• [Task details] Show the lines below that contain the string "through".

• [Records]
- Opening Delimiter -
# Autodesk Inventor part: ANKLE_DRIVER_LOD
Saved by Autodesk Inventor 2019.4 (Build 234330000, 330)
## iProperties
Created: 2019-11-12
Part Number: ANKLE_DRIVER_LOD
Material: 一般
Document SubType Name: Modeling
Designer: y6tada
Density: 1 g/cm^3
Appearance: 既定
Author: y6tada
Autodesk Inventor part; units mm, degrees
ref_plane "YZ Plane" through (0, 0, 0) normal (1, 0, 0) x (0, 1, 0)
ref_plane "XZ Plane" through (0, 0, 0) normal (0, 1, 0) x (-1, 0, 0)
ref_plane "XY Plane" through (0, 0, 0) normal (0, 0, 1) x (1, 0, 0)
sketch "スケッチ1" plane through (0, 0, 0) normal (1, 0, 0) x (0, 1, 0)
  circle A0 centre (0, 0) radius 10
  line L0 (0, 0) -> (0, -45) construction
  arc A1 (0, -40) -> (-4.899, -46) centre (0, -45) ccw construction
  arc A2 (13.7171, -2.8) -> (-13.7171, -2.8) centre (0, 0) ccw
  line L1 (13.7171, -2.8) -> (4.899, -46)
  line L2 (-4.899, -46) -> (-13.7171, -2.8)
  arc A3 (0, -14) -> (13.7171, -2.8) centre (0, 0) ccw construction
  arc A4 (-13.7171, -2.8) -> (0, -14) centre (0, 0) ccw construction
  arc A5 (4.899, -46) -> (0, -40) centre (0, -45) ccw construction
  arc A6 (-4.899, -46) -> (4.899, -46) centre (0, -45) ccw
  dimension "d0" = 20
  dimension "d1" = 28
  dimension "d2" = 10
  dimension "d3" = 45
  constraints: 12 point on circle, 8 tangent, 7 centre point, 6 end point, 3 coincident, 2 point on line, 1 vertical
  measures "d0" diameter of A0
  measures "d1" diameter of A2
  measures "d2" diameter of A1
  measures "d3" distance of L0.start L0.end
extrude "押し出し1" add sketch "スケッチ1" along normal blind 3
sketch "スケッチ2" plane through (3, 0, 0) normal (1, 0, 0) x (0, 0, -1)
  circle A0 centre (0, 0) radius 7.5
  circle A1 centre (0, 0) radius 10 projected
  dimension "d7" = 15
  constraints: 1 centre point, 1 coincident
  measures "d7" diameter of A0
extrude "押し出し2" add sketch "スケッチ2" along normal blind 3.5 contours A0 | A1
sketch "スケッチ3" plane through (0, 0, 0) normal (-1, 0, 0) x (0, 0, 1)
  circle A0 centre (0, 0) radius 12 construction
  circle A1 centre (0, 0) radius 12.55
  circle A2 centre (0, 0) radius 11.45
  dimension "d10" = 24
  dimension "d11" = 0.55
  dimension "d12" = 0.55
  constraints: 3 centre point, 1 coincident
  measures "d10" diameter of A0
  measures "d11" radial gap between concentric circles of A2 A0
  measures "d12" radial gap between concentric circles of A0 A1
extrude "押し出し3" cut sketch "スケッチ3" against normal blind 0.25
- Closing Delimiter -
• [Reply to the task]
ref_plane "YZ Plane" through (0, 0, 0) normal (1, 0, 0) x (0, 1, 0)
ref_plane "XZ Plane" through (0, 0, 0) normal (0, 1, 0) x (-1, 0, 0)
ref_plane "XY Plane" through (0, 0, 0) normal (0, 0, 1) x (1, 0, 0)
sketch "スケッチ1" plane through (0, 0, 0) normal (1, 0, 0) x (0, 1, 0)
sketch "スケッチ2" plane through (3, 0, 0) normal (1, 0, 0) x (0, 0, -1)
sketch "スケッチ3" plane through (0, 0, 0) normal (-1, 0, 0) x (0, 0, 1)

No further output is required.